What the exercise asks
Each of the entries below should be written out exactly as it reads.

Study material
Segment Open

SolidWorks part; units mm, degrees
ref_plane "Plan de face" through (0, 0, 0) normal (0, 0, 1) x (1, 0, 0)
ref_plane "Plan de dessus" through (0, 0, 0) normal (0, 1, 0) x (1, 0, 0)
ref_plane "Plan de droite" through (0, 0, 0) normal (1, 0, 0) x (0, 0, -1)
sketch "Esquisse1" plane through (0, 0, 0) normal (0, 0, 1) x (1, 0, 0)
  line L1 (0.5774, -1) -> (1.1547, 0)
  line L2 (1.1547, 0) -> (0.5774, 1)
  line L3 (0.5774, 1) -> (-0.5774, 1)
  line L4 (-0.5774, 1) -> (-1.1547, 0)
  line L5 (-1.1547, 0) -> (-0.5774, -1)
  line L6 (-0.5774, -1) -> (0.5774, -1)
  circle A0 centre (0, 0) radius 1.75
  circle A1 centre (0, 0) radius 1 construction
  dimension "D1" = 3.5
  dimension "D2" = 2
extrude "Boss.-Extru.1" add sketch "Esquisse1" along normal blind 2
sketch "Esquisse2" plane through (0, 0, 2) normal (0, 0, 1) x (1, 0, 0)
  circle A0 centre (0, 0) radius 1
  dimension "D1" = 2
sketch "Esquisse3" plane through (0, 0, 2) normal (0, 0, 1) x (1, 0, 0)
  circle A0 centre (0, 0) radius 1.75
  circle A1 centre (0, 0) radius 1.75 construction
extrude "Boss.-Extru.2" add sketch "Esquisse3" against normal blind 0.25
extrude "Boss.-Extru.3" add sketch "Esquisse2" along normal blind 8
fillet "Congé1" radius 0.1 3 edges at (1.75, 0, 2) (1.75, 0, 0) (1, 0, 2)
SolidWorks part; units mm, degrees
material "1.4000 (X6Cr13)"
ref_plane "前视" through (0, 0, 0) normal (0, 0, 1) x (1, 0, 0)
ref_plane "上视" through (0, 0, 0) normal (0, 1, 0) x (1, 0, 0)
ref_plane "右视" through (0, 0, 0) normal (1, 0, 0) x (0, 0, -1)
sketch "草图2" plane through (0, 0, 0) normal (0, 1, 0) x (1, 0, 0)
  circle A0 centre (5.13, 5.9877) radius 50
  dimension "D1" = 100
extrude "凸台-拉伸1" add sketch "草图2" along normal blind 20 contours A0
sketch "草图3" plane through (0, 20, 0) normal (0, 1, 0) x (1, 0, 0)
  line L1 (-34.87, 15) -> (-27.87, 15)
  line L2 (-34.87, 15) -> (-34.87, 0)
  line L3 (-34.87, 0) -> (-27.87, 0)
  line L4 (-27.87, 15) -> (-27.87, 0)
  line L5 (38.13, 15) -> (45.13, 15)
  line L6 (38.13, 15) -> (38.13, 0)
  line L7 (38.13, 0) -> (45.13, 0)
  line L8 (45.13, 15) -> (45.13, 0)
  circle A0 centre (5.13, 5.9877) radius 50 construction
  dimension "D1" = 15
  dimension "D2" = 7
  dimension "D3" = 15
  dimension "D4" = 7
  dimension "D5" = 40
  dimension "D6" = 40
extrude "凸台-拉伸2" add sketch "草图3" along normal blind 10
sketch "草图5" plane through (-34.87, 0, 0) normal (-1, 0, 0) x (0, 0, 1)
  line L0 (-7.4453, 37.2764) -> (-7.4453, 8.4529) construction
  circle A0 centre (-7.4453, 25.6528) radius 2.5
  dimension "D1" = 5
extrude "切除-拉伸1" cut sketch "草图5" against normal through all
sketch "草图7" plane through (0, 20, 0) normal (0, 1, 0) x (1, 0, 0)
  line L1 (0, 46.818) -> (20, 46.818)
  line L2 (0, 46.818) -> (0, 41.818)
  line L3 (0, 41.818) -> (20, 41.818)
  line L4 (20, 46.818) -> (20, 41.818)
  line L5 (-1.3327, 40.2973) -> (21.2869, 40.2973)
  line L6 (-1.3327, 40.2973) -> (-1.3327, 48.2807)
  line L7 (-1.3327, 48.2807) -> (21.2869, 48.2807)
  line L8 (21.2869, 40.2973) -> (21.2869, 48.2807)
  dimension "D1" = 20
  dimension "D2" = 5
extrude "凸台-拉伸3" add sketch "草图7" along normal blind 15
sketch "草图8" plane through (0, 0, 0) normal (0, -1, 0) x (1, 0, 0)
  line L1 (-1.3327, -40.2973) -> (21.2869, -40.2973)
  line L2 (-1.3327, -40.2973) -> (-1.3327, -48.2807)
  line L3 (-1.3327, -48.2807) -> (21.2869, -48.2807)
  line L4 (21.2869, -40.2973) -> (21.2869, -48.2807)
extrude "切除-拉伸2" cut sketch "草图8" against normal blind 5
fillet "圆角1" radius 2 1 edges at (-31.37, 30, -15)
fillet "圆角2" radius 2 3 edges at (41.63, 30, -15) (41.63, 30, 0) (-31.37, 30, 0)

Segment Closed

Output for this exercise
SolidWorks part; units mm, degrees
ref_plane "Plan de face" through (0, 0, 0) normal (0, 0, 1) x (1, 0, 0)
ref_plane "Plan de dessus" through (0, 0, 0) normal (0, 1, 0) x (1, 0, 0)
ref_plane "Plan de droite" through (0, 0, 0) normal (1, 0, 0) x (0, 0, -1)
sketch "Esquisse1" plane through (0, 0, 0) normal (0, 0, 1) x (1, 0, 0)
  line L1 (0.5774, -1) -> (1.1547, 0)
  line L2 (1.1547, 0) -> (0.5774, 1)
  line L3 (0.5774, 1) -> (-0.5774, 1)
  line L4 (-0.5774, 1) -> (-1.1547, 0)
  line L5 (-1.1547, 0) -> (-0.5774, -1)
  line L6 (-0.5774, -1) -> (0.5774, -1)
  circle A0 centre (0, 0) radius 1.75
  circle A1 centre (0, 0) radius 1 construction
  dimension "D1" = 3.5
  dimension "D2" = 2
extrude "Boss.-Extru.1" add sketch "Esquisse1" along normal blind 2
sketch "Esquisse2" plane through (0, 0, 2) normal (0, 0, 1) x (1, 0, 0)
  circle A0 centre (0, 0) radius 1
  dimension "D1" = 2
sketch "Esquisse3" plane through (0, 0, 2) normal (0, 0, 1) x (1, 0, 0)
  circle A0 centre (0, 0) radius 1.75
  circle A1 centre (0, 0) radius 1.75 construction
extrude "Boss.-Extru.2" add sketch "Esquisse3" against normal blind 0.25
extrude "Boss.-Extru.3" add sketch "Esquisse2" along normal blind 8
fillet "Congé1" radius 0.1 3 edges at (1.75, 0, 2) (1.75, 0, 0) (1, 0, 2)
SolidWorks part; units mm, degrees
material "1.4000 (X6Cr13)"
ref_plane "前视" through (0, 0, 0) normal (0, 0, 1) x (1, 0, 0)
ref_plane "上视" through (0, 0, 0) normal (0, 1, 0) x (1, 0, 0)
ref_plane "右视" through (0, 0, 0) normal (1, 0, 0) x (0, 0, -1)
sketch "草图2" plane through (0, 0, 0) normal (0, 1, 0) x (1, 0, 0)
  circle A0 centre (5.13, 5.9877) radius 50
  dimension "D1" = 100
extrude "凸台-拉伸1" add sketch "草图2" along normal blind 20 contours A0
sketch "草图3" plane through (0, 20, 0) normal (0, 1, 0) x (1, 0, 0)
  line L1 (-34.87, 15) -> (-27.87, 15)
  line L2 (-34.87, 15) -> (-34.87, 0)
  line L3 (-34.87, 0) -> (-27.87, 0)
  line L4 (-27.87, 15) -> (-27.87, 0)
  line L5 (38.13, 15) -> (45.13, 15)
  line L6 (38.13, 15) -> (38.13, 0)
  line L7 (38.13, 0) -> (45.13, 0)
  line L8 (45.13, 15) -> (45.13, 0)
  circle A0 centre (5.13, 5.9877) radius 50 construction
  dimension "D1" = 15
  dimension "D2" = 7
  dimension "D3" = 15
  dimension "D4" = 7
  dimension "D5" = 40
  dimension "D6" = 40
extrude "凸台-拉伸2" add sketch "草图3" along normal blind 10
sketch "草图5" plane through (-34.87, 0, 0) normal (-1, 0, 0) x (0, 0, 1)
  line L0 (-7.4453, 37.2764) -> (-7.4453, 8.4529) construction
  circle A0 centre (-7.4453, 25.6528) radius 2.5
  dimension "D1" = 5
extrude "切除-拉伸1" cut sketch "草图5" against normal through all
sketch "草图7" plane through (0, 20, 0) normal (0, 1, 0) x (1, 0, 0)
  line L1 (0, 46.818) -> (20, 46.818)
  line L2 (0, 46.818) -> (0, 41.818)
  line L3 (0, 41.818) -> (20, 41.818)
  line L4 (20, 46.818) -> (20, 41.818)
  line L5 (-1.3327, 40.2973) -> (21.2869, 40.2973)
  line L6 (-1.3327, 40.2973) -> (-1.3327, 48.2807)
  line L7 (-1.3327, 48.2807) -> (21.2869, 48.2807)
  line L8 (21.2869, 40.2973) -> (21.2869, 48.2807)
  dimension "D1" = 20
  dimension "D2" = 5
extrude "凸台-拉伸3" add sketch "草图7" along normal blind 15
sketch "草图8" plane through (0, 0, 0) normal (0, -1, 0) x (1, 0, 0)
  line L1 (-1.3327, -40.2973) -> (21.2869, -40.2973)
  line L2 (-1.3327, -40.2973) -> (-1.3327, -48.2807)
  line L3 (-1.3327, -48.2807) -> (21.2869, -48.2807)
  line L4 (21.2869, -40.2973) -> (21.2869, -48.2807)
extrude "切除-拉伸2" cut sketch "草图8" against normal blind 5
fillet "圆角1" radius 2 1 edges at (-31.37, 30, -15)
fillet "圆角2" radius 2 3 edges at (41.63, 30, -15) (41.63, 30, 0) (-31.37, 30, 0)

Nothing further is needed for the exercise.